### Data supplied

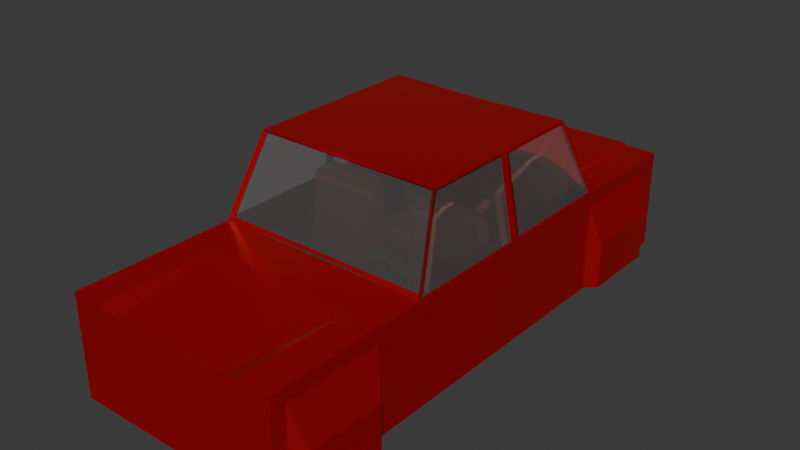 # Source: CarroJJBDCorrigido.blend  (saved by Blender 4.2.66; exported with 4.5.12 LTS)
import bpy
from mathutils import Matrix  # noqa: F401  (used for matrix-valued properties, if any)

bpy.ops.wm.read_factory_settings(use_empty=True)
scene = bpy.context.scene
scene.name = 'Scene'

# ---- collections
col_collection = bpy.data.collections.new('Collection'); scene.collection.children.link(col_collection)
col_bancos = bpy.data.collections.new('Bancos'); scene.collection.children.link(col_bancos)

# ---- materials (node trees are filled in below, after node groups)
mat_material_001 = bpy.data.materials.new('Material.001')
mat_material = bpy.data.materials.new('Material')
mat_material.alpha_threshold = 0.0
mat_material.use_transparent_shadow = False
mat_material.roughness = 0.5
mat_material.line_color = (0.0, 0.0, 0.0, 1.0)
mat_material_006 = bpy.data.materials.new('Material.006')
mat_material_003 = bpy.data.materials.new('Material.003')
mat_material_004 = bpy.data.materials.new('Material.004')
mat_material_002 = bpy.data.materials.new('Material.002')

# ---- material node trees
mat_material_001.use_nodes = True; mat_material_001.node_tree.nodes.clear()
_N = mat_material_001.node_tree.nodes; _L = mat_material_001.node_tree.links
n0 = _N.new('ShaderNodeBsdfPrincipled'); n0.name = 'Principled BSDF'; n0.location = (10, 300)
n0.inputs[0].default_value = (0.4107, 0.0, 0.000714, 1.0)
n0.inputs[1].default_value = 0.2655
n0.inputs[2].default_value = 0.2273
n1 = _N.new('ShaderNodeOutputMaterial'); n1.name = 'Material Output'; n1.location = (300, 300)
_L.new(n0.outputs[0], n1.inputs[0])
n1.is_active_output = True
mat_material.use_nodes = True; mat_material.node_tree.nodes.clear()
_N = mat_material.node_tree.nodes; _L = mat_material.node_tree.links
n0 = _N.new('ShaderNodeOutputMaterial'); n0.name = 'Material Output'; n0.location = (300, 300)
n1 = _N.new('ShaderNodeBsdfPrincipled'); n1.name = 'Principled BSDF'; n1.location = (10, 300)
n1.inputs[2].default_value = 0.05636
n1.inputs[3].default_value = 11.05
n1.inputs[4].default_value = 0.2109
_L.new(n1.outputs[0], n0.inputs[0])
n0.is_active_output = True
mat_material_006.use_nodes = True; mat_material_006.node_tree.nodes.clear()
_N = mat_material_006.node_tree.nodes; _L = mat_material_006.node_tree.links
n0 = _N.new('ShaderNodeBsdfPrincipled'); n0.name = 'Principled BSDF'; n0.location = (10, 300)
n0.inputs[0].default_value = (0.7579, 0.2232, 0.07057, 1.0)
n0.inputs[2].default_value = 1.0
n1 = _N.new('ShaderNodeOutputMaterial'); n1.name = 'Material Output'; n1.location = (300, 300)
_L.new(n0.outputs[0], n1.inputs[0])
n1.is_active_output = True
mat_material_003.use_nodes = True; mat_material_003.node_tree.nodes.clear()
_N = mat_material_003.node_tree.nodes; _L = mat_material_003.node_tree.links
n0 = _N.new('ShaderNodeBsdfPrincipled'); n0.name = 'Principled BSDF'; n0.location = (10, 300)
n0.inputs[0].default_value = (0.08848, 0.08848, 0.08848, 1.0)
n0.inputs[2].default_value = 0.9
n1 = _N.new('ShaderNodeOutputMaterial'); n1.name = 'Material Output'; n1.location = (300, 300)
_L.new(n0.outputs[0], n1.inputs[0])
n1.is_active_output = True
mat_material_004.use_nodes = True; mat_material_004.node_tree.nodes.clear()
_N = mat_material_004.node_tree.nodes; _L = mat_material_004.node_tree.links
n0 = _N.new('ShaderNodeBsdfPrincipled'); n0.name = 'Principled BSDF'; n0.location = (10, 300)
n0.inputs[0].default_value = (0.2379, 0.2379, 0.2379, 1.0)
n1 = _N.new('ShaderNodeOutputMaterial'); n1.name = 'Material Output'; n1.location = (300, 300)
_L.new(n0.outputs[0], n1.inputs[0])
n1.is_active_output = True
mat_material_002.use_nodes = True; mat_material_002.node_tree.nodes.clear()
_N = mat_material_002.node_tree.nodes; _L = mat_material_002.node_tree.links
n0 = _N.new('ShaderNodeBsdfPrincipled'); n0.name = 'Principled BSDF'; n0.location = (10, 300)
n0.inputs[0].default_value = (0.03375, 0.03375, 0.03375, 1.0)
n0.inputs[2].default_value = 0.9
n1 = _N.new('ShaderNodeOutputMaterial'); n1.name = 'Material Output'; n1.location = (300, 300)
_L.new(n0.outputs[0], n1.inputs[0])
n1.is_active_output = True

# ---- world
world_world = bpy.data.worlds.new('World'); scene.world = world_world
world_world.use_nodes = True; world_world.node_tree.nodes.clear()
_N = world_world.node_tree.nodes; _L = world_world.node_tree.links
n0 = _N.new('ShaderNodeOutputWorld'); n0.name = 'World Output'; n0.location = (300, 300)
n1 = _N.new('ShaderNodeBackground'); n1.name = 'Background'; n1.location = (10, 300)
n1.inputs[0].default_value = (0.05088, 0.05088, 0.05088, 1.0)
_L.new(n1.outputs[0], n0.inputs[0])
n0.is_active_output = True
world_world.color = (0.05088, 0.05088, 0.05088)
world_world.sun_shadow_jitter_overblur = 0.0

# ---- meshes
me_cube_001 = bpy.data.meshes.new('Cube.001')
me_cube_001.from_pydata([(1.0, -0.8395, -1.0), (1.0, -0.8395, 1.0), (1.0, 1.0, -1.0), (1.0, 1.0, 1.0), (0.0, 1.0, -1.0), (0.0, 1.0, 1.042), (0.0, -0.8395, -1.0), (0.0, -0.8395, 0.9077), (1.0, -0.2869, -1.0), (1.0, -0.2869, 1.0), (0.0, -0.2752, 1.0), (0.0, -0.2869, -1.0), (1.0, 0.5829, -1.0), (1.0, 0.5829, 1.0), (0.0, 0.5722, 1.0), (0.0, 0.5829, -1.0), (0.8633, 0.464, 2.563), (0.8633, -0.168, 2.563), (0.0, 0.4533, 2.563), (0.0, -0.1563, 2.563), (0.0, -0.2706, 1.061), (0.9584, -0.2706, 1.061), (0.0, -0.1609, 2.502), (0.8324, -0.1609, 2.502), (1.0, 0.148, 1.0), (0.0, 0.148, -1.0), (1.0, 0.148, -1.0), (0.8633, 0.148, 2.563), (0.0, 0.148, 2.563), (1.0, 0.1634, -1.0), (1.0, 0.1634, 1.0), (0.0, 0.1634, -1.0), (0.8633, 0.1592, 2.563), (0.0, 0.1592, 2.563), (0.9917, 0.1362, 1.049), (0.9917, -0.2714, 1.049), (0.8636, 0.1362, 2.514), (0.8636, -0.16, 2.514), (0.9906, 0.564, 1.061), (0.8646, 0.4544, 2.502), (0.9906, 0.1774, 1.061), (0.8646, 0.1735, 2.502), (0.0, 0.5683, 1.051), (0.9655, 0.5683, 1.051), (0.0, 0.4571, 2.512), (0.8376, 0.4571, 2.512), (0.705, -0.8395, 0.7282), (0.705, 1.0, 0.7282), (1.0, 0.1634, 0.7282), (1.0, 0.148, 0.7282), (1.0, 0.5829, 0.7282), (1.0, -0.2869, 0.7282), (0.0, 1.0, 0.7699), (0.0, -0.8395, 0.7282), (1.0, -0.8395, 0.7282), (1.0, 1.0, 0.7282), (0.5905, 0.4571, 2.512), (0.6806, 0.5683, 1.051), (0.6086, 0.1592, 2.563), (0.705, 0.1634, -1.0), (0.705, 0.148, -1.0), (0.6086, 0.148, 2.563), (0.5868, -0.1609, 2.502), (0.6757, -0.2706, 1.061), (0.6086, 0.4608, 2.563), (0.6086, -0.1646, 2.563), (0.705, 0.5797, 1.0), (0.705, 0.5829, -1.0), (0.705, -0.2869, -1.0), (0.705, -0.2834, 1.0), (0.705, -0.8395, 1.0), (0.705, 1.0, -1.0), (0.705, -0.8395, -1.0), (0.705, 1.0, 1.0), (0.6864, 1.0, -1.0), (0.5326, -0.8395, 0.9077), (0.6864, -0.2869, -1.0), (0.6864, 0.5829, -1.0), (0.6864, 0.148, -1.0), (0.6864, 0.1634, -1.0), (0.6864, -0.8395, 0.7282), (0.6864, 1.0, 0.7699), (0.5749, 0.4571, 2.512), (0.6626, 0.5683, 1.051), (0.5925, 0.1592, 2.563), (0.5925, 0.148, 2.563), (0.5713, -0.1609, 2.502), (0.6578, -0.2706, 1.061), (0.5925, 0.4606, 2.563), (0.5925, -0.1643, 2.563), (0.6864, 0.5795, 1.0), (0.6864, -0.2832, 1.0), (0.6864, -0.8395, -1.0), (0.6864, 1.0, 1.042), (1.0, -0.4462, 1.0), (0.0, -0.4379, 1.0), (0.0, -0.4462, -1.0), (1.0, -0.4462, -1.0), (1.0, -0.4462, 0.7282), (0.705, -0.4462, -1.0), (0.705, -0.4437, 1.0), (0.6864, -0.4462, -1.0), (0.6864, -0.4436, 1.0), (1.0, -0.7903, 1.0), (0.0, -0.7893, 0.9193), (0.0, -0.7903, -1.0), (1.0, -0.7903, 0.7282), (0.705, -0.7903, -1.0), (0.705, -0.79, 1.0), (0.6864, -0.7903, -1.0), (0.5518, -0.79, 0.9193), (1.0, -0.7903, -1.0), (1.0, 1.0, 0.05444), (1.0, -0.8395, 0.05444), (0.0, -0.8395, 0.05444), (0.0, 1.0, 0.05444), (1.0, -0.2869, 0.05444), (1.0, 0.5829, 0.05444), (1.0, 0.148, 0.05444), (1.0, 0.1634, 0.05444), (0.705, 1.0, 0.05444), (0.705, -0.8395, 0.05444), (0.6864, 1.0, 0.05444), (0.6864, -0.8395, 0.05444), (1.0, -0.4462, 0.05444), (1.0, -0.7903, 0.05444), (1.098, -0.7487, -1.002), (1.0, -0.778, 1.0), (0.0, -0.7767, 0.9221), (0.0, -0.778, -1.0), (1.0, -0.778, 0.7282), (0.705, -0.778, -1.0), (0.705, -0.7776, 1.0), (0.6864, -0.778, -1.0), (0.5566, -0.7776, 0.9221), (1.098, -0.7487, -0.1403), (1.098, -0.4858, -1.002), (1.0, -0.4564, 1.0), (0.0, -0.4483, 0.9976), (0.0, -0.4564, -1.0), (1.0, -0.4564, 0.7282), (0.705, -0.4564, -1.0), (0.705, -0.454, 1.0), (0.6864, -0.4564, -1.0), (0.6824, -0.4539, 0.9976), (1.098, -0.4858, -0.1403), (1.096, 0.6174, -1.002), (1.0, 0.5964, 1.0), (0.0, 0.5861, 1.042), (0.0, 0.5964, -1.0), (1.0, 0.5964, 0.7282), (0.705, 0.5964, -1.0), (0.705, 0.5934, 1.0), (0.6864, 0.5964, -1.0), (0.6864, 0.5932, 1.042), (1.096, 0.6174, -0.08496), (1.0, 0.9294, -1.0), (1.0, 0.9294, 1.0), (0.0, 0.9276, 1.042), (0.0, 0.9294, -1.0), (1.0, 0.9294, 0.7282), (0.705, 0.9294, -1.0), (0.705, 0.9289, 1.0), (0.6864, 0.9294, -1.0), (0.6864, 0.9289, 1.042), (1.0, 0.9294, 0.05444), (1.0, 0.9195, 1.0), (0.0, 0.9174, 1.042), (0.0, 0.9195, -1.0), (1.0, 0.9195, 0.7282), (0.705, 0.9195, -1.0), (0.705, 0.9189, 1.0), (0.6864, 0.9195, -1.0), (0.6864, 0.9188, 1.042), (1.096, 0.8985, -0.08496), (1.096, 0.8985, -1.002), (-1.0, -0.8395, -1.0), (-1.0, -0.8395, 1.0), (-1.0, 1.0, -1.0), (-1.0, 1.0, 1.0), (-1.0, -0.2869, -1.0), (-1.0, -0.2869, 1.0), (-1.0, 0.5829, -1.0), (-1.0, 0.5829, 1.0), (-0.8633, 0.464, 2.563), (-0.8633, -0.168, 2.563), (-0.9584, -0.2706, 1.061), (-0.8324, -0.1609, 2.502), (-1.0, 0.148, 1.0), (-1.0, 0.148, -1.0), (-0.8633, 0.148, 2.563), (-1.0, 0.1634, -1.0), (-1.0, 0.1634, 1.0), (-0.8633, 0.1592, 2.563), (-0.9917, 0.1362, 1.049), (-0.9917, -0.2714, 1.049), (-0.8636, 0.1362, 2.514), (-0.8636, -0.16, 2.514), (-0.9906, 0.564, 1.061), (-0.8646, 0.4544, 2.502), (-0.9906, 0.1774, 1.061), (-0.8646, 0.1735, 2.502), (-0.9655, 0.5683, 1.051), (-0.8376, 0.4571, 2.512), (-0.705, -0.8395, 0.7282), (-0.705, 1.0, 0.7282), (-1.0, 0.1634, 0.7282), (-1.0, 0.148, 0.7282), (-1.0, 0.5829, 0.7282), (-1.0, -0.2869, 0.7282), (-1.0, -0.8395, 0.7282), (-1.0, 1.0, 0.7282), (-0.5905, 0.4571, 2.512), (-0.6806, 0.5683, 1.051), (-0.6086, 0.1592, 2.563), (-0.705, 0.1634, -1.0), (-0.705, 0.148, -1.0), (-0.6086, 0.148, 2.563), (-0.5868, -0.1609, 2.502), (-0.6757, -0.2706, 1.061), (-0.6086, 0.4608, 2.563), (-0.6086, -0.1646, 2.563), (-0.705, 0.5797, 1.0), (-0.705, 0.5829, -1.0), (-0.705, -0.2869, -1.0), (-0.705, -0.2834, 1.0), (-0.705, -0.8395, 1.0), (-0.705, 1.0, -1.0), (-0.705, -0.8395, -1.0), (-0.705, 1.0, 1.0), (-0.6864, 1.0, -1.0), (-0.5326, -0.8395, 0.9077), (-0.6864, -0.2869, -1.0), (-0.6864, 0.5829, -1.0), (-0.6864, 0.148, -1.0), (-0.6864, 0.1634, -1.0), (-0.6864, -0.8395, 0.7282), (-0.6864, 1.0, 0.7699), (-0.5749, 0.4571, 2.512), (-0.6626, 0.5683, 1.051), (-0.5925, 0.1592, 2.563), (-0.5925, 0.148, 2.563), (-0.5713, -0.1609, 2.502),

### Problem
Out of the entries, pull every line that mentions "clear".

### Result below
mat_material_001.use_nodes = True; mat_material_001.node_tree.nodes.clear()
mat_material.use_nodes = True; mat_material.node_tree.nodes.clear()
mat_material_006.use_nodes = True; mat_material_006.node_tree.nodes.clear()
mat_material_003.use_nodes = True; mat_material_003.node_tree.nodes.clear()
mat_material_004.use_nodes = True; mat_material_004.node_tree.nodes.clear()
mat_material_002.use_nodes = True; mat_material_002.node_tree.nodes.clear()
world_world.use_nodes = True; world_world.node_tree.nodes.clear()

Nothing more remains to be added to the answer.